第9章
- 霧都孤兒
- (英)查理斯·狄更斯
- 3618字
- 2016-01-13 16:09:39
“是這樣的。”殯葬承包人表示同意。“我們也是前晚才聽說這家人,”教區(qū)干事說,“有個住在同一幢房子里的女人找到教區(qū)委員會,要求派教區(qū)大夫去看看,那兒有個女人病重。大夫倒不在,他那個徒弟(一個很機靈的小伙子),把藥裝在一個鞋油瓶子里,捎給了他們。”
“啊,倒真利索。”殯葬承包人說。
“利索是利索啊,”干事說,“可結(jié)果呢,老兄,這些家伙卻忘恩負義!嗯,那個男的帶回話來,說藥品與他妻子的病癥不合,因此她不能喝——紳士,他說不能喝。一個星期以前才有兩個愛爾蘭工人和一個運煤的喝過,效果蠻好,又符合衛(wèi)生——如今白白奉送,外帶一個鞋油瓶子——老兄,他卻回話說她不能喝。”這種惡行活生生地展現(xiàn)在邦布爾紳士眼中,氣得他滿面通紅,狠狠地用手杖打著柜臺。“喲,”殯葬承包人說,“我從——來——沒——”

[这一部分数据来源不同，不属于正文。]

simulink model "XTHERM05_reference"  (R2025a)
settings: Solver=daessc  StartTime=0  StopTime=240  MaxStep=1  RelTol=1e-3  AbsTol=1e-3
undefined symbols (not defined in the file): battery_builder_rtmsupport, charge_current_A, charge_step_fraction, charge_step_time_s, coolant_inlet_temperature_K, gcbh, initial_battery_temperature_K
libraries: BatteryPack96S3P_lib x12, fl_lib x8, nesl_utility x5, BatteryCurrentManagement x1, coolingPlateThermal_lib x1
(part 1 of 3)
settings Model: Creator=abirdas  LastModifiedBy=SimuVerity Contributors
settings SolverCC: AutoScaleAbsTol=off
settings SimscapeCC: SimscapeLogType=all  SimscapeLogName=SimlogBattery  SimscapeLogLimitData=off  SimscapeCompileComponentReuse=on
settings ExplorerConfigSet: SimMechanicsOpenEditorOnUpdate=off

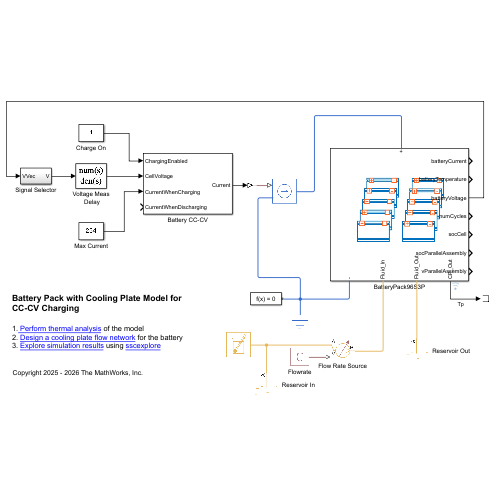
[thumbnail: Simulink's stored preview of the top-level diagram]
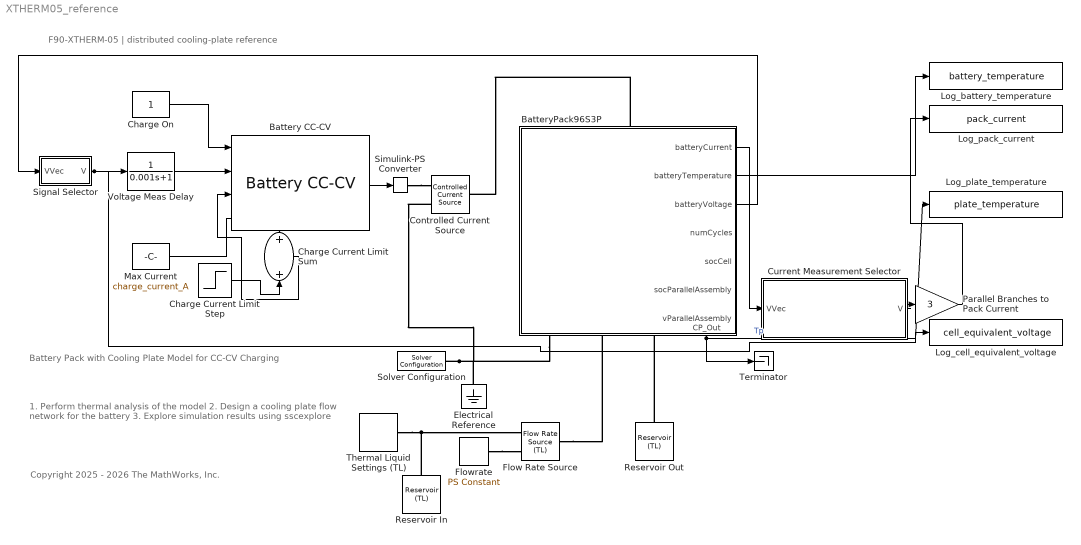
== system XTHERM05_reference ==
  note: 1. Perform thermal analysis of the model
      | 2. Design a cooling plate flow network for the battery
      | 3. Explore simulation results using sscexplore
  note: Copyright 2025 - 2026 The MathWorks, Inc.
  note: Battery Pack with Cooling Plate Model for CC-CV Charging
  note: F90-XTHERM-05 | distributed cooling-plate reference
  Battery CC-CV : BatteryCurrentManagement/Battery CC-CV  MinMaxFlag=off  MaxCellVoltage=max_cell_voltage_V  Kp=100  Ki=1  Kaw=1  Kt=1  Ts=1
      settings: LibrarySourceBlock=batt_sl_lib/Current Management/Battery CC-CV
  BatteryPack96S3P : Subsystem  LoadFcn=battery_builder_rtmsupport('loadfcn',gcbh);
      settings: CopyFcn=battery_builder_rtmsupport('copyfcn',gcbh);  PreCopyFcn=battery_builder_rtmsupport('precopyfcn',gcbh);  PreDeleteFcn=battery_builder_rtmsupport('predeletefcn',gcbh);  PortSchema="{\"entries\":[{\"content\":{\"sides\":[{\"content\":{\"connectorIds\":[\"LConn1\"]},\"type\":\"ConnectorPlacement.EquallySpacedRectSide\",\"uuid\":\"f2fadea4-e63e-44ff-a05d-5cbabbfa18f3\"},{\"content\":{\"connectorIds\":[\"RConn1\",\"RConn2\",\"RConn3\",\"Out1\"],\"side\":\"RIGHT\"},\"type\":\"ConnectorPlacement.EquallySpacedRectSide\",\"uuid\":\"922c0eb8-6335-439b-a096-ecac4f67b25b\"},{\"content\":{\"side\":\"TOP\"},\"type\":\"ConnectorPlacement.EquallySpacedRectSide\",\"uuid\":\"a4ac09f9-1b8b-4b5a-a998-1dae1de64a0b\"},{\"content\":{\"connectorIds\":[\"Out2\",\"Out3\",\"Out4\",\"Out5\",\"Out6\",\"Out7\",\"Out8\"],\"side\":\"BOTTOM\"},\"type\":\"ConnectorPlacement.EquallySpacedRectSide\",\"uuid\":\"64bbb320-f65b-462a-a8f2-7dda0291aa0b\"}]},\"type\":\"ConnectorPlacement.EquallySpacedConnector\",\"uuid\":\"78c9e32e-0392-43f3-93f6-199d4a6b3441\"}],\"packageUris\":[\"http://schema.mathworks.com/mf0/Connector/R2020b\"],\"version\":\"1.0\"}"
      mask Display: image('$imagefile')
  Charge Current Limit Step : Step  Time=charge_step_time_s  After=charge_current_A*charge_step_fraction  SampleTime=0
  Charge Current Limit Sum : Sum
  Charge On : Constant
  Controlled Current Source : fl_lib/Electrical/Electrical Sources/Controlled Current Source
  Current Measurement Selector : Subsystem
  Electrical Reference : fl_lib/Electrical/Electrical Elements/Electrical Reference
  Flow Rate Source : fl_lib/Thermal Liquid/Sources/Flow Rate Source (TL)  source_type=foundation.enum.constant_controlled.controlled  flow_type=foundation.enum.mass_volumetric_flow.volumetric  mass_flow=0 kg/s  volumetric_flow=0 m^3/s  power_spec=foundation.enum.power_spec.isentropic  area=0.01 m^2
      settings: InternalSimscapePortConfiguration="{\"Bottom\":[],\"Left\":[{\"id\":\"A\",\"label\":\"A\",\"type\":\"foundation.thermal_liquid.thermal_liquid\"},{\"id\":\"V\",\"label\":\"V\",\"type\":\"input\"}],\"Right\":[{\"id\":\"B\",\"label\":\"B\",\"type\":\"foundation.thermal_liquid.thermal_liquid\"}],\"Top\":[]}"
  Flowrate : fl_lib/Physical Signals/Sources/PS Constant  constant=coolant_flow_lpm lpm
  Log_battery_temperature : ToWorkspace  VariableName=battery_temperature  SaveFormat=Timeseries  SampleTime=-1
  Log_cell_equivalent_voltage : ToWorkspace  VariableName=cell_equivalent_voltage  SaveFormat=Timeseries  SampleTime=-1
  Log_pack_current : ToWorkspace  VariableName=pack_current  SaveFormat=Timeseries  SampleTime=-1
  Log_plate_temperature : ToWorkspace  VariableName=plate_temperature  SaveFormat=Timeseries  SampleTime=-1
  Max Current : Constant  Value=charge_current_A
  Parallel Branches to Pack Current : Gain  Gain=3
  Reservoir In : fl_lib/Thermal Liquid/Elements/Reservoir (TL)  pressure_spec=foundation.enum.pressure_spec.atmospheric  reservoir_pressure=0.101325 MPa  reservoir_temperature=coolant_inlet_temperature_K K  area=0.01 m^2
  Reservoir Out : fl_lib/Thermal Liquid/Elements/Reservoir (TL)  pressure_spec=foundation.enum.pressure_spec.atmospheric  reservoir_pressure=0.101325 MPa  reservoir_temperature=coolant_inlet_temperature_K K  area=0.01 m^2
  Signal Selector : Subsystem
  Simulink-PS Converter : nesl_utility/Simulink-PS Converter  PhysicalDomain=network_engine_domain  SubClassName=ps_input  LeftPortType=input  RightPortType=output  PseudoPeriodic=off  Frequencies=[]  NoiseDistribution=none  NoiseParameters=[]  Unit=1  AffineConversion=off  FilteringAndDerivatives=provide  SimscapeFilterOrder=1  InputFilterTimeConstant=0.001  UdotUserProvided=0
  Solver Configuration : nesl_utility/Solver Configuration  PhysicalDomain=network_engine_domain  SubClassName=solver  LeftPortType=input  RightPortType=generic  Tones=[]  Harmonics=[]  SimulateNoise=off  Profile=off  UseLocalSampling=off  EnableSwitchedLinearOptims=on  FrequencyDomain=off  UseCCode=off  RelTol=0.001  AbsTol=0.001  MinStep=1e-09  ToWorkspace=off  RevertToSquareIcSolve=off  NumHomotopyIterations=100  PhasorMode=off  PhasorModeNumHarmonics=1  ConsistencySolver=NEWTON_XTOL_AFTER_FTOL  IndexReductionMethod=DerivativeReplacement  DoDC=off  ResidualTolerance=1e-09  ConsistencyTolSource=GLOBAL  ConsistencyAbsTol=0.001  ConsistencyRelTol=0.001  ConsistencyTolFactor=0.001  UseLocalSolver=off  LocalSolverChoice=NE_BACKWARD_EULER_ADVANCER  ResolveIndetEquations=on  FunctionEvalNumThread=1  LocalSolverSampleTime=0.001  DoFixedCost=off  MaxNonlinIter=3  MaxModeIter=2  ComputeImpulses=off  ImpulseIterations=2  LinearAlgebra=auto  LinearAlgebraNumThread=0  EquationFormulation=NE_TIME_EF  DelaysMemoryBudget=1024  AutomaticFiltering=on  FilteringTimeConstant=0.001  PartitionStorageMethod=AS_NEEDED  PartitionMemoryBudget=1024  PartitionMethod=ROBUST  MultibodyUseLocalSolver=off  MultibodyLocalSolverChoice=ODE1  MultibodyLocalSolverSampleTime=0.001
  Terminator : Terminator
  Thermal Liquid Settings (TL) : fl_lib/Thermal Liquid/Utilities/Thermal Liquid Settings (TL)  table_dimensions=foundation.enum.table_dimensions_TL.two_dimensional  T_TLU=[273.1600 : 10 : 373.16]' K  p_TLU=[0.01, 0.1, 5 : 5 : 50] MPa  p_atm=0.101325 MPa  pT_region_flag=foundation.enum.pT_region_TL.min_max  T_min=273.16 K  T_max=373.16 K  p_min=0.01 MPa  p_max=50 MPa  T_min_1D=273.16 K  T_max_1D=373.16 K  p_min_1D=0.01 MPa  p_max_1D=50 MPa  pT_validity_TLU=[1, 1, 1, 1, 1, 1, 1, 1, 1, 1, 1, 1; 1, 1, 1, 1, 1, 1, 1, 1, 1, 1, 1, 1; 1, 1, 1, 1, 1, 1, 1, 1, 1, 1, 1, 1; 1, 1, 1, 1, 1, 1, 1, 1, 1, 1, 1, 1; 1, 1, 1, 1, 1, 1, 1, 1, 1, 1, 1, 1; 0, 1, 1, 1, 1, 1, 1, 1, 1, 1, 1, 1; 0, 1, 1, 1, 1, 1, 1, 1, 1, 1, 1, 1; 0, 1, 1, 1, 1, 1, 1, 1, 1, 1, 1, 1; 0, 1, 1, 1, 1, 1, 1, 1, 1, 1, 1, 1; 0, 1, 1, 1, 1, 1, 1, 1, 1, 1, 1, 1; 0, 0, 1, 1, 1, 1, 1, 1, 1, 1, 1, 1]  properties_range_check=simscape.enum.assert.action.error  rho_parameterization_2D=foundation.enum.rho_parameterization_2D.rho_beta_alpha  rho_parameterization_1D=foundation.enum.rho_parameterization_1D.rho_vector  rho_TLU=[999.7973, 999.8431, 1002.3216, 1004.8218, 1007.293, 1009.7358, 1012.1506, 1014.5379, 1016.8979, 1019.2311, 1021.538, 1023.8188; 999.6579, 999.7009, 1002.0303, 1004.382, 1006.7084, 1009.0101, 1011.2874, 1013.5407, 1015.7703, 1017.9766, 1020.1599, 1022.3206; 998.1632, 998.2045, 1000.4375, 1002.6924, 1004.9239, 1007.1324, 1009.3183, 1011.4819, 1013.6236, 1015.7438, 1017.8428, 1019.921; 995.6057, 995.6458, 997.8186, 1000.0128, 1002.1841, 1004.3332, 1006.4603, 1008.566, 1010.6505, 1012.7144, 1014.758, 1016.7815; 992.1724, 992.2119, 994.3513, 996.5113, 998.6484, 1000.7633, 1002.8563, 1004.928, 1006.9788, 1009.009, 1011.0192, 1013.0097; 988.02, 988.0299, 990.1568, 992.3035, 994.4268, 996.5273, 998.6056, 1000.6622, 1002.6976, 1004.7123, 1006.7067, 1008.6813; 983.18, 983.1901, 985.3217, 987.4721, 989.5983, 991.7008, 993.7803, 995.8374, 997.8726, 999.8864, 1001.8795, 1003.8522; 977.75, 977.7583, 979.9094, 982.0783, 984.2216, 986.34, 988.4343, 990.505, 992.5529, 994.5786, 996.5825, 998.5654; 971.77, 971.7836, 973.9673, 976.1678, 978.3409, 980.4876, 982.6087, 984.7049, 986.7768, 988.8254, 990.8511, 992.8545; 965.26, 965.3023, 967.5311, 969.7753, 971.9901, 974.1764, 976.3354, 978.4676, 980.5741, 982.6556, 984.7129, 986.7465; 958.62, 958.6315, 960.627, 962.9267, 965.1944, 967.4314, 969.6387, 971.8173, 973.9681, 976.0921, 978.19, 980.2628] kg/m^3  beta_TLU=[1.9649, 1.9654, 1.9929, 2.0213, 2.0499, 2.0787, 2.1078, 2.1372, 2.1668, 2.1966, 2.2268, 2.2572; 2.0913, 2.0918, 2.1191, 2.1471, 2.1752, 2.2036, 2.2322, 2.261, 2.2899, 2.3191, 2.3485, 2.3781; 2.1786, 2.1791, 2.2067, 2.235, 2.2634, 2.2919, 2.3206, 2.3494, 2.3784, 2.4075, 2.4367, 2.4661; 2.2332, 2.2337, 2.2619, 2.2908, 2.3197, 2.3487, 2.3778, 2.407, 2.4363, 2.4657, 2.4951, 2.5246; 2.26, 2.2605, 2.2895, 2.3191, 2.3487, 2.3784, 2.4081, 2.4378, 2.4675, 2.4973, 2.5272, 2.5571; 2.2638, 2.2638, 2.2936, 2.324, 2.3544, 2.3848, 2.4151, 2.4455, 2.4758, 2.5062, 2.5365, 2.5669; 2.2472, 2.2472, 2.2779, 2.3092, 2.3403, 2.3715, 2.4025, 2.4336, 2.4646, 2.4955, 2.5264, 2.5573; 2.214, 2.214, 2.2455, 2.2776, 2.3096, 2.3415, 2.3733, 2.405, 2.4367, 2.4683, 2.4998, 2.5313; 2.1668, 2.1668, 2.1992, 2.2321, 2.2649, 2.2976, 2.3301, 2.3626, 2.3949, 2.4272, 2.4593, 2.4914; 2.1081, 2.1081, 2.1413, 2.175, 2.2086, 2.2421, 2.2754, 2.3085, 2.3415, 2.3744, 2.4072, 2.4399; 2.0494, 2.0494, 2.0739, 2.1084, 2.1428, 2.177, 2.211, 2.2449, 2.2786, 2.3121, 2.3455, 2.3788] GPa  alpha_TLU=1e-4 * [-.679, -.676, -.49, -.307, -.13, .041, .206, .365, .519, .668, .811, .949; .878, .881, .998, 1.114, 1.227, 1.337, 1.445, 1.549, 1.651, 1.75, 1.846, 1.939; 2.068, 2.069, 2.141, 2.213, 2.283, 2.352, 2.42, 2.486, 2.551, 2.614, 2.676, 2.736; 3.034, 3.035, 3.074, 3.113, 3.152, 3.191, 3.229, 3.267, 3.305, 3.341, 3.377, 3.413; 3.855, 3.856, 3.87, 3.884, 3.899, 3.914, 3.93, 3.946, 3.961, 3.977, 3.993, 4.009; 4.578, 4.578, 4.572, 4.566, 4.562, 4.558, 4.555, 4.552, 4.55, 4.549, 4.548, 4.547; 5.233, 5.233, 5.209, 5.186, 5.165, 5.144, 5.125, 5.107, 5.09, 5.074, 5.059, 5.045; 5.84, 5.84, 5.801, 5.762, 5.725, 5.691, 5.657, 5.625, 5.595, 5.566, 5.538, 5.512; 6.414, 6.414, 6.36, 6.307, 6.256, 6.208, 6.161, 6.117, 6.074, 6.033, 5.994, 5.956; 6.967, 6.967, 6.898, 6.831, 6.766, 6.705, 6.646, 6.589, 6.535, 6.482, 6.432, 6.384; 7.519, 7.519, 7.423, 7.342, 7.264, 7.189, 7.118, 7.049, 6.983, 6.92, 6.859, 6.8] 1/K  rho_TLU_2=[999.7973, 999.8431, 1002.3216, 1004.8218, 1007.293, 1009.7358, 1012.1506, 1014.5379, 1016.8979, 1019.2311, 1021.538, 1023.8188; 999.6579, 999.7009, 1002.0303, 1004.382, 1006.7084, 1009.0101, 1011.2874, 1013.5407, 1015.7703, 1017.9766, 1020.1599, 1022.3206; 998.1632, 998.2045, 1000.4375, 1002.6924, 1004.9239, 1007.1324, 1009.3183, 1011.4819, 1013.6236, 1015.7438, 1017.8428, 1019.921; 995.6057, 995.6458, 997.81864, 1000.0128, 1002.1841, 1004.3332, 1006.4603, 1008.566, 1010.6505, 1012.7144, 1014.758, 1016.7815; 992.1724, 992.2119, 994.3513, 996.5113, 998.6484, 1000.7633, 1002.8563, 1004.928, 1006.9788, 1009.009, 1011.0192, 1013.0097; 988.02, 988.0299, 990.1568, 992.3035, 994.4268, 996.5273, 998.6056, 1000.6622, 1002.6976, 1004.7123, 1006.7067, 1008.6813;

“紳士,從來沒有。”教區(qū)干事吼了起來,“真是聞所未聞。喔,可如今她死了,我們還得去埋,這是地址姓名,這事越快了結(jié)越好。”
由于為教區(qū)感到不平,激憤之下邦布爾紳士險些把三角帽戴反了,然后迅速跨出店門去了。
“唷,奧立弗,他氣得都忘了問問你的狀況。”蘇爾伯雷目送教區(qū)干事大步走到街上,講道。
“是的,紳士。”奧立弗說道。邦布爾來訪的時刻,他一直很小心地躲得很遠,他一聽出邦布爾紳士的嗓音,從頭到腳都抖起來了。話說回來,他倒也不用想方設(shè)法避開邦布爾紳士的視線。這名公務(wù)人員一直把白背心紳士的預(yù)言牢記在心,他認定,既然殯葬承包人正在試用奧立弗,他的狀況不提也行,等到為期七年的合同把他套牢了,才能一勞永逸、合理合法地解除他被重新退回教區(qū)的一切危險。
“嗨,”蘇爾伯雷紳士拿起帽子說,“越早做成這筆生意越好。諾亞,看住鋪子。奧立弗,把帽子戴上,跟我一起去。”奧立弗聽從囑咐,跟隨主人去了。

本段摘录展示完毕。